::: Record extracts

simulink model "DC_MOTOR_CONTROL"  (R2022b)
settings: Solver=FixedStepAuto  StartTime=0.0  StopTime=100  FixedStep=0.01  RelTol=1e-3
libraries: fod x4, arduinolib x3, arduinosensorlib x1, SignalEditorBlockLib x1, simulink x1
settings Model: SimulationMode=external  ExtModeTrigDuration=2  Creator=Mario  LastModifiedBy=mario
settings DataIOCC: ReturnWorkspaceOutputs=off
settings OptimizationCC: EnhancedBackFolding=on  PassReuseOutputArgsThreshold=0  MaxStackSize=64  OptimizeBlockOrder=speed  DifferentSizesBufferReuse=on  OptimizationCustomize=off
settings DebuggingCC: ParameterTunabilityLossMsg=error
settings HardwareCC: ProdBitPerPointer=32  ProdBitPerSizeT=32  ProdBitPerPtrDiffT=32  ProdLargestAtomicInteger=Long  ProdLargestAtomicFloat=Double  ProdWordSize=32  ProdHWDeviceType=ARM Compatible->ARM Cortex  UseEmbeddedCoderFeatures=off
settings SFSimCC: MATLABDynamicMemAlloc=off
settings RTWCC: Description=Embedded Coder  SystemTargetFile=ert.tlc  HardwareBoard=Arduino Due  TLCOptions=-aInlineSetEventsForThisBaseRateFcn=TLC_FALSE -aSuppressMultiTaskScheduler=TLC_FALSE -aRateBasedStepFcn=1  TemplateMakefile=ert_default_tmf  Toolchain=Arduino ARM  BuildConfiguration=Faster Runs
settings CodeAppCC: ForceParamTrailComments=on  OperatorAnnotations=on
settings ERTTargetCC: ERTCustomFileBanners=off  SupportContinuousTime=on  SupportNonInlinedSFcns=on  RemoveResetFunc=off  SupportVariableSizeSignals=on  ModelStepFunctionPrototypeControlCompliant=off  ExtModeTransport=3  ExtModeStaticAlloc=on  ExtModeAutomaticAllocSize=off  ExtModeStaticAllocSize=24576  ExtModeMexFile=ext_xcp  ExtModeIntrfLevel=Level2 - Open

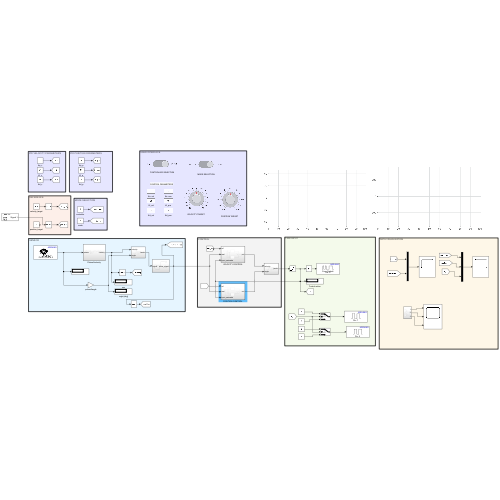
[thumbnail: Simulink's stored preview of the top-level diagram]
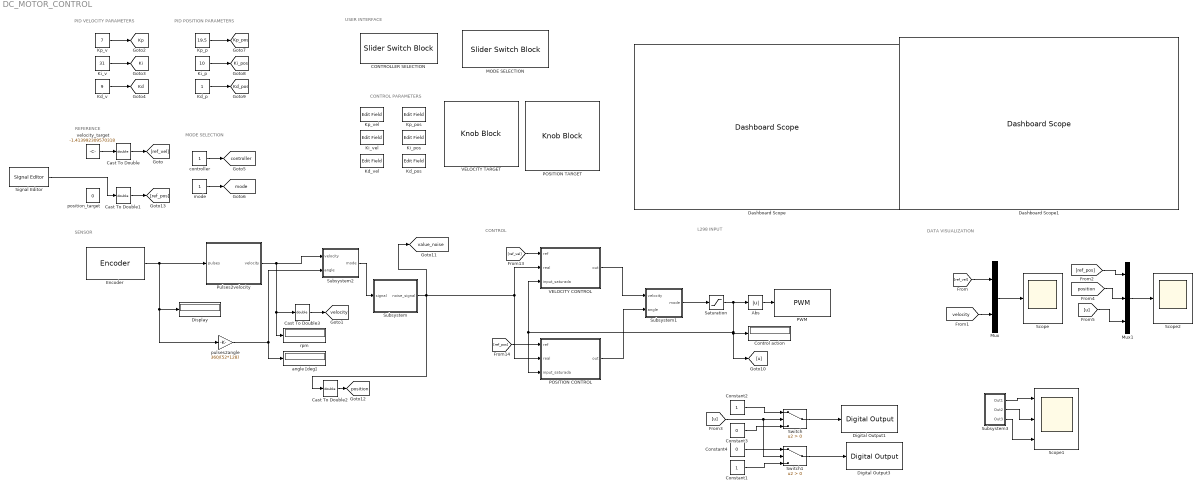
== system DC_MOTOR_CONTROL ==
  note: CONTROL PARAMETERS
  note: USER INTERFACE
  note: CONTROL
  note: MODE SELECTION
  note: DATA VISUALIZATION
  note: PID VELOCITY PARAMETERS
  note: SENSOR
  note: REFERENCE
  note: L298 INPUT
  note: PID POSITION PARAMETERS
  Abs : Abs  SaturateOnIntegerOverflow=off
  CONTROLLER SELECTION : SliderSwitchBlock  LabelPosition=Hide
      settings: Values={{'PID', 'FOPID'}, [0 1]}
  Cast To Double{,1..3} (4 alike) : DataTypeConversion  OutDataTypeStr=double  SaturateOnIntegerOverflow=off  RndMeth=Floor
  Constant1 : Constant
  Constant2 : Constant
  Constant3 : Constant  Value=0
  Constant4 : Constant  Value=0
  Control action : Display
  Dashboard Scope : DashboardScope  Ymin=-70  Ymax=70  UpdateMode=Scroll
  Dashboard Scope1 : DashboardScope  Ymin=-360  Ymax=360  UpdateMode=Scroll
  Digital Output1 : arduinolib/Digital Output  pinNumber=7  Direction=output  blockPlatform=arduino
  Digital Output3 : arduinolib/Digital Output  pinNumber=5  Direction=output  blockPlatform=arduino
  Display : Display
  Encoder : arduinosensorlib/Encoder  InputA=3  InputB=2  Mode=No reset  SampleTime=-1
  Kd_p : Constant
  Kd_pos : EditField  LabelPosition=Hide  ShowInitialText=on  Alignment=Center
  Kd_v : Constant  Value=9
  Kd_vel : EditField  LabelPosition=Hide  ShowInitialText=on  Alignment=Center
  Ki_p : Constant  Value=10
  Ki_pos : EditField  LabelPosition=Hide  ShowInitialText=on  Alignment=Center
  Ki_v : Constant  Value=31
  Ki_vel : EditField  LabelPosition=Hide  ShowInitialText=on  Alignment=Center
  Kp_p : Constant  Value=19.5
  Kp_pos : EditField  LabelPosition=Hide  ShowInitialText=on  Alignment=Center
  Kp_v : Constant  Value=7
  Kp_vel : EditField  LabelPosition=Hide  ShowInitialText=on  Alignment=Center
  MODE SELECTION : SliderSwitchBlock  LabelPosition=Hide
      settings: Values={{'Velocity', 'Position'}, [0 1]}
  Mux : Mux  Inputs=2
  Mux1 : Mux  Inputs=3
  POSITION CONTROL : Subsystem
  POSITION TARGET : KnobBlock  LabelPosition=Hide  ScaleMin=-360  ScaleMax=360
  PWM : arduinolib/PWM  pinNumber=8  frequencyType=Default  desiredFrequency=490.2  achievableFrequency=490.2
  Pulses2velocity : Subsystem
  Saturation : Saturate  UpperLimit=255  LowerLimit=-255
  Scope : Scope
  Scope1 : Scope  NumInputPorts=3
  Scope2 : Scope
  Signal Editor : SignalEditorBlockLib/Signal Editor  FileName=ANGLE_REFERENCE.mat  ActiveScenario=Scenario  ActiveSignal=Signal 1  IsBus=off  OutputBusObjectStr=Bus: BusObject  SampleTime=0  Interpolate=off  ZeroCross=off  OutputAfterFinalValue=Setting to zero  Unit=inherit  PreserveSignalName=on
  Subsystem : Subsystem
  Subsystem1 : Subsystem
  Subsystem2 : Subsystem
  Subsystem3 : Subsystem
  Switch : Switch  Criteria=u2 > Threshold  SaturateOnIntegerOverflow=off  InputSameDT=off
  Switch1 : Switch  Criteria=u2 > Threshold  SaturateOnIntegerOverflow=off  InputSameDT=off
  VELOCITY CONTROL : Subsystem
  VELOCITY TARGET : KnobBlock  LabelPosition=Hide  ScaleMin=-70  ScaleMax=70
  angle [deg] : Display
  controller : Constant
  mode : Constant
  position_target : Constant  Value=0
  pulses2angle : Gain  Gain=360/(52*128)
  rpm : Display
  velocity_target : Constant  Value=-1.413992309570318
  tag scope: Kd=global, Kd_pos=global, Ki=global, Ki_pos=global, Kp=global, Kp_pos=global, controller=global, mode=global, position=global, value_noise=global, velocity=global
  wires:
  Constant3/1 -> Switch/3
  Constant2/1 -> Switch/1
  Switch/1 -> Digital Output1/1
  Switch1/1 -> Digital Output3/1
  Pulses2velocity/1(velocity) -> Subsystem2/1(velocity), rpm/1, Cast To Double3/1
  velocity_target/1 -> Cast To Double/1
  Encoder/1 -> Pulses2velocity/1(pulses), pulses2angle/1, Display/1
  Saturation/1 -> POSITION CONTROL/3(input_saturada), VELOCITY CONTROL/3(input_saturada), [u], Control action/1, Abs/1
  Constant4/1 -> Switch1/1
  Constant1/1 -> Switch1/3
  [ref_vel] -> Mux/1
  [velocity] -> Mux/2
  Kp_v/1 -> [Kp]
  Ki_v/1 -> [Ki]
  Kd_v/1 -> [Kd]
  controller/1 -> [controller]
  mode/1 -> [mode]
  VELOCITY CONTROL/1(out) -> Subsystem1/1(velocity)
  POSITION CONTROL/1(out) -> Subsystem1/2(angle)
  pulses2angle/1 -> Subsystem2/2(angle), angle [deg]/1
  Kp_p/1 -> [Kp_pos]
  Kd_p/1 -> [Kd_pos]
  Ki_p/1 -> [Ki_pos]
  Mux/1 -> Scope/1
  Abs/1 -> PWM/1
  [u] -> Switch/2, Switch1/2
  Subsystem2/1(mode) -> Subsystem/1(signal)
  [ref_vel] -> VELOCITY CONTROL/1(ref)
  [ref_pos] -> POSITION CONTROL/1(ref)
  Subsystem3/1(Out1) -> Scope1/1
  Subsystem3/2(Out2) -> Scope1/2
  Subsystem3/3(Out3) -> Scope1/3
  Subsystem/1(noise_signal) -> Cast To Double2/1, POSITION CONTROL/2(real), VELOCITY CONTROL/2(real), [value_noise]
  Mux1/1 -> Scope2/1
  [ref_pos] -> Mux1/1
  [position] -> Mux1/2
  Cast To Double/1 -> [ref_vel]
  Cast To Double1/1 -> [ref_pos]
  Cast To Double2/1 -> [position]
  Cast To Double3/1 -> [velocity]
  Signal Editor/1 -> Cast To Double1/1
  [u] -> Mux1/3
  Subsystem1/1(mode) -> Saturation/1

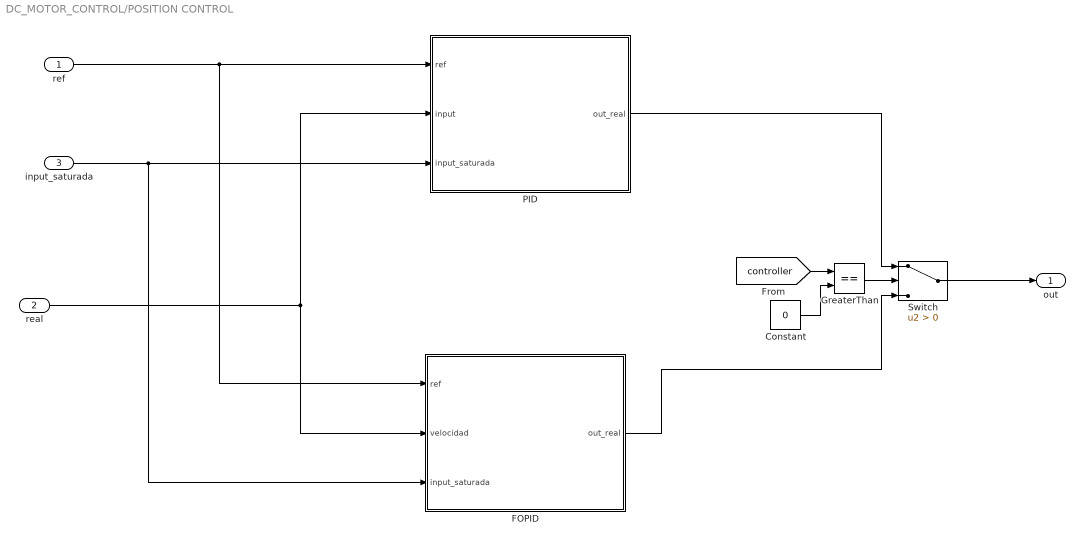
== system DC_MOTOR_CONTROL/POSITION CONTROL ==
  ref : Inport
  real : Inport  Port=2
  input_saturada : Inport  Port=3
  Constant : Constant  Value=0
  "FOPID " : Subsystem
  GreaterThan : RelationalOperator  Operator===  OutDataTypeStr=boolean  RndMeth=Simplest  InputSameDT=off
  PID : Subsystem
  Switch : Switch  Criteria=u2 > Threshold  SaturateOnIntegerOverflow=off  InputSameDT=off
  out : Outport
  wires:
  input_saturada/1 -> "FOPID "/3(input_saturada), PID/3(input_saturada)
  ref/1 -> "FOPID "/1(ref), PID/1(ref)
  real/1 -> "FOPID "/2(velocidad), PID/2(input)
  "FOPID "/1(out_real) -> Switch/3
  PID/1(out_real) -> Switch/1
  Switch/1 -> out/1
  [controller] -> GreaterThan/1
  Constant/1 -> GreaterThan/2
  GreaterThan/1 -> Switch/2

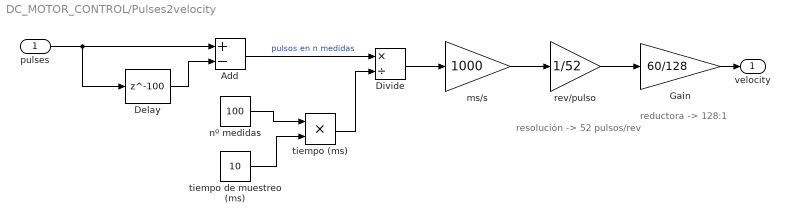
== system DC_MOTOR_CONTROL/Pulses2velocity ==
  note: reductora -> 128:1
  note: resolución -> 52 pulsos/rev
  pulses : Inport
  Add : Sum  Inputs=+-
  Delay : Delay  DelayLength=100
  Divide : Product  Inputs=*/
  Gain : Gain  Gain=60/128
  ms/s : Gain  Gain=1000
  nº medidas : Constant  Value=100
  rev/pulso : Gain  Gain=1/52
  tiempo (ms) : Product  Inputs=**
  tiempo de muestreo (ms) : Constant  Value=10
  velocity : Outport
  wires:
  Delay/1 -> Add/2
  Divide/1 -> ms/s/1
  pulses/1 -> Delay/1, Add/1
  nº medidas/1 -> tiempo (ms)/1
  Add/1 -> Divide/1  "pulsos en n medidas"
  rev/pulso/1 -> Gain/1
  Gain/1 -> velocity/1
  ms/s/1 -> rev/pulso/1
  tiempo de muestreo (ms)/1 -> tiempo (ms)/2
  tiempo (ms)/1 -> Divide/2

== system DC_MOTOR_CONTROL/Subsystem ==
  signal : Inport
  Band-Limited White Noise : simulink/Sources/Band-Limited White Noise  Cov=0  Ts=0.01  seed=[23341]
  Sum : Sum  Inputs=|++
  noise_signal : Outport
  wires:
  Sum/1 -> noise_signal/1
  signal/1 -> Sum/2
  Band-Limited White Noise/1 -> Sum/1

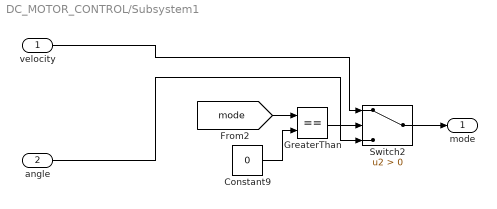
== system DC_MOTOR_CONTROL/Subsystem1 ==
  velocity : Inport
  angle : Inport  Port=2
  Constant9 : Constant  Value=0
  GreaterThan : RelationalOperator  Operator===  OutDataTypeStr=boolean  RndMeth=Simplest  InputSameDT=off
  Switch2 : Switch  Criteria=u2 > Threshold  SaturateOnIntegerOverflow=off  InputSameDT=off
  mode : Outport
  wires:
  [mode] -> GreaterThan/1
  GreaterThan/1 -> Switch2/2
  Switch2/1 -> mode/1
  Constant9/1 -> GreaterThan/2
  velocity/1 -> Switch2/1
  angle/1 -> Switch2/3

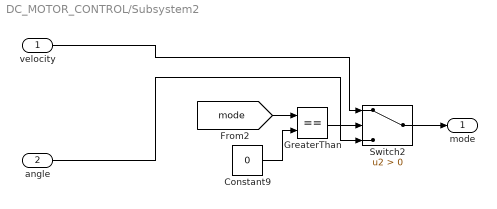
== system DC_MOTOR_CONTROL/Subsystem2 ==
  velocity : Inport
  angle : Inport  Port=2
  Constant9 : Constant  Value=0
  GreaterThan : RelationalOperator  Operator===  OutDataTypeStr=boolean  RndMeth=Simplest  InputSameDT=off
  Switch2 : Switch  Criteria=u2 > Threshold  SaturateOnIntegerOverflow=off  InputSameDT=off
  mode : Outport
  wires:
  [mode] -> GreaterThan/1
  GreaterThan/1 -> Switch2/2
  Switch2/1 -> mode/1
  Constant9/1 -> GreaterThan/2
  velocity/1 -> Switch2/1
  angle/1 -> Switch2/3

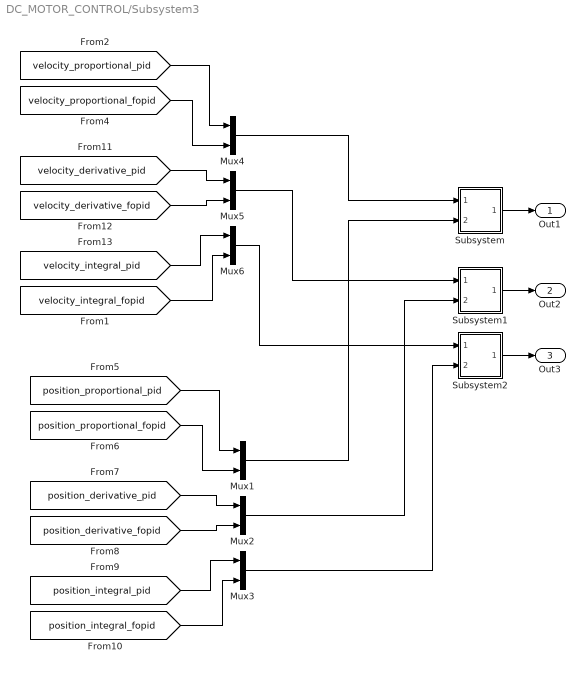
== system DC_MOTOR_CONTROL/Subsystem3 ==
  Mux{1..6} (6 alike) : Mux  Inputs=2
  Subsystem : Subsystem
  Subsystem1 : Subsystem
  Subsystem2 : Subsystem
  Out1 : Outport
  Out2 : Outport  Port=2
  Out3 : Outport  Port=3
  wires:
  [position_proportional_fopid] -> Mux1/2
  [position_derivative_pid] -> Mux2/1
  [position_proportional_pid] -> Mux1/1
  [position_derivative_fopid] -> Mux2/2
  [position_integral_pid] -> Mux3/1
  [position_integral_fopid] -> Mux3/2
  [velocity_proportional_fopid] -> Mux4/2
  [velocity_integral_pid] -> Mux6/1
  [velocity_derivative_fopid] -> Mux5/2
  [velocity_integral_fopid] -> Mux6/2
  [velocity_proportional_pid] -> Mux4/1
  [velocity_derivative_pid] -> Mux5/1
  Mux4/1 -> Subsystem/1(In1)
  Mux1/1 -> Subsystem/2(In2)
  Mux5/1 -> Subsystem1/1(In1)
  Mux2/1 -> Subsystem1/2(In2)
  Mux6/1 -> Subsystem2/1(In1)
  Mux3/1 -> Subsystem2/2(In2)
  Subsystem/1(Out1) -> Out1/1
  Subsystem1/1(Out1) -> Out2/1
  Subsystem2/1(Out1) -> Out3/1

::::::

» **About this exercise**
Copy every line of the records above, starting with the first, up to and including the line containing "settings DataIOCC: ReturnWorkspaceOutputs=off".

» **Solution to this problem**
simulink model "DC_MOTOR_CONTROL"  (R2022b)
settings: Solver=FixedStepAuto  StartTime=0.0  StopTime=100  FixedStep=0.01  RelTol=1e-3
libraries: fod x4, arduinolib x3, arduinosensorlib x1, SignalEditorBlockLib x1, simulink x1
settings Model: SimulationMode=external  ExtModeTrigDuration=2  Creator=Mario  LastModifiedBy=mario
settings DataIOCC: ReturnWorkspaceOutputs=off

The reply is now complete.